------ The records
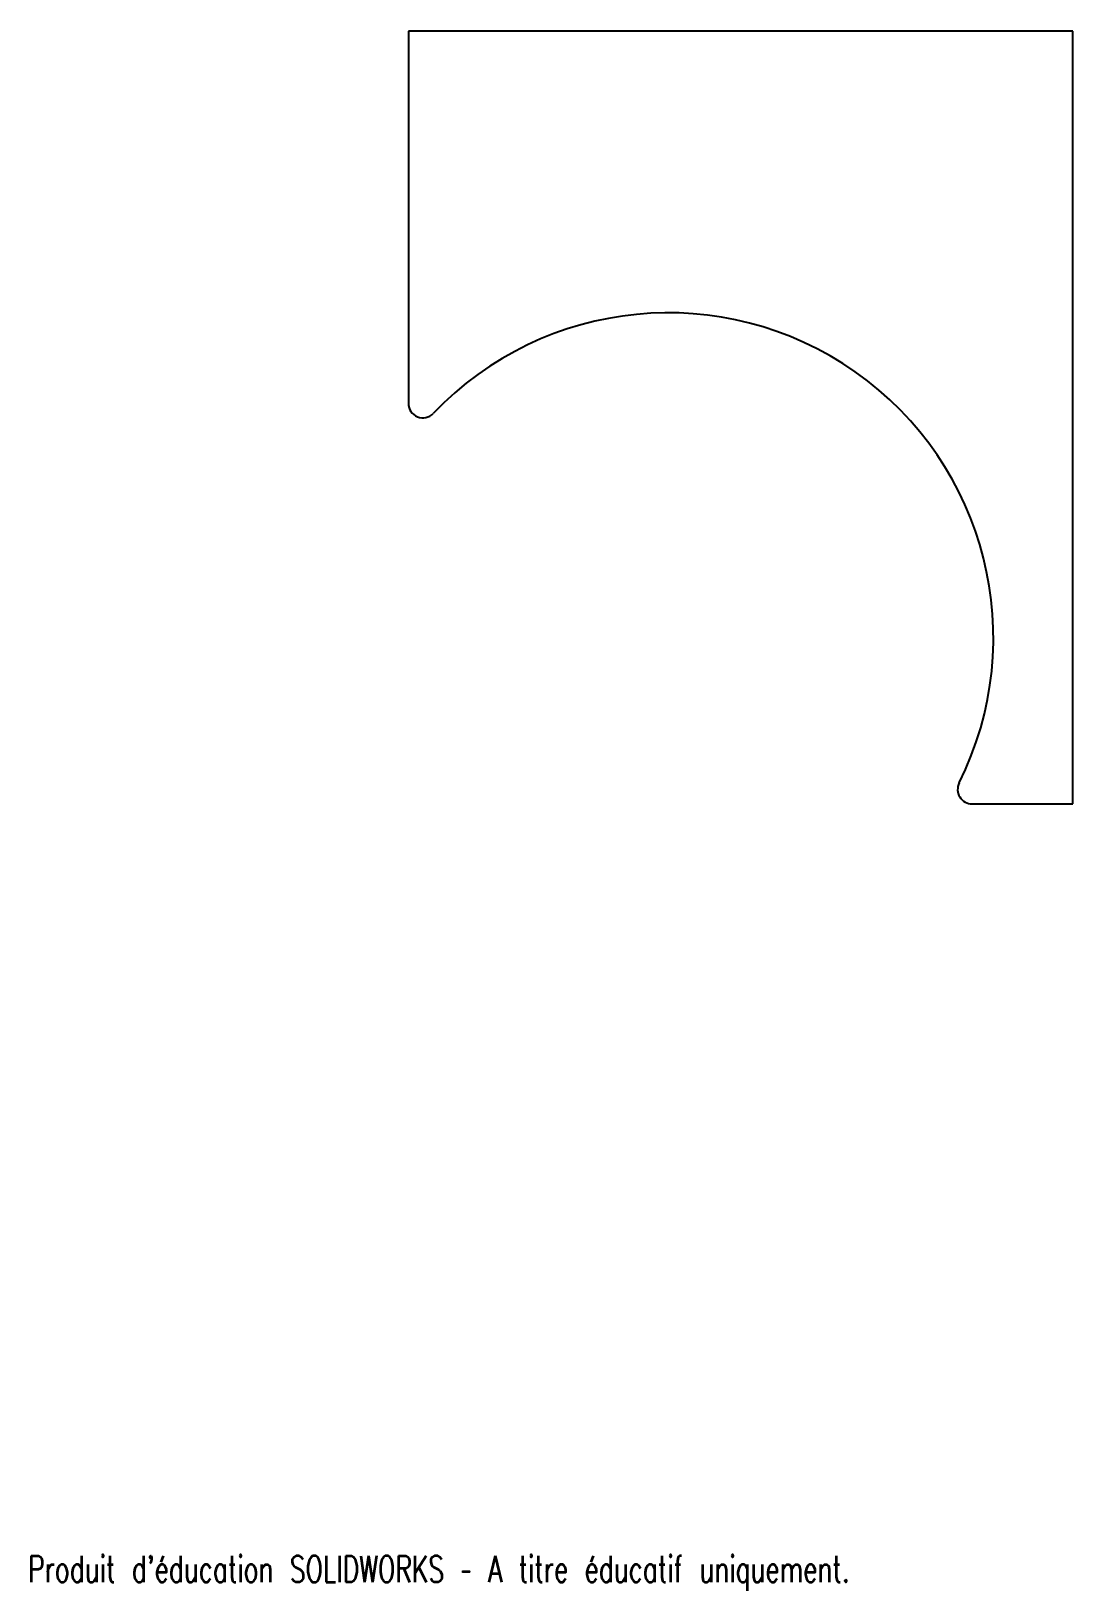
# Model space of a CAD drawing. Header units: millimetres. Extents: x 0 to 145, y 5 to 221.
import ezdxf

# ---------------------------------------------------------------- set-up
doc = ezdxf.new("R2010")
doc.units = ezdxf.units.MM
doc.styles.add('SLDTEXTSTYLE0', font='TXT', dxfattribs={"width": 0.7, "bigfont": 'bigfont'})

msp = doc.modelspace()

# ---------------------------------------------------------------- linework, layer by layer
at = {"color": 7, "linetype": 'Continuous', "lineweight": 25}
for p, q in [((144.67, 221.27), (52.67, 221.27)), ((52.67, 221.27), (52.67, 169.72)), ((144.67, 114.27), (144.67, 221.27)), ((130.72, 114.27), (144.67, 114.27))]:
    msp.add_line(p, q, dxfattribs=at)
for centre, radius, start, end in [((88.67, 137.27), 45, 333.4609, 136.3363), ((54.67, 169.72), 2, 180, 316.3363), ((130.72, 116.27), 2, 153.4609, 270)]:
    msp.add_arc(centre, radius, start, end, dxfattribs=at)

# ---------------------------------------------------------------- texts
at = {"color": 7, "linetype": 'Continuous', "insert": (0, 10.13), "char_height": 3.633, "attachment_point": 1, "style": 'SLDTEXTSTYLE0'}
msp.add_mtext("Produit d'éducation SOLIDWORKS – A titre éducatif uniquement.", dxfattribs=at)

doc.saveas('drawing.dxf')
------------
■ Problem description
Each line in the records above with "centre" must be returned.

■ Answer box
for centre, radius, start, end in [((88.67, 137.27), 45, 333.4609, 136.3363), ((54.67, 169.72), 2, 180, 316.3363), ((130.72, 116.27), 2, 153.4609, 270)]:
    msp.add_arc(centre, radius, start, end, dxfattribs=at)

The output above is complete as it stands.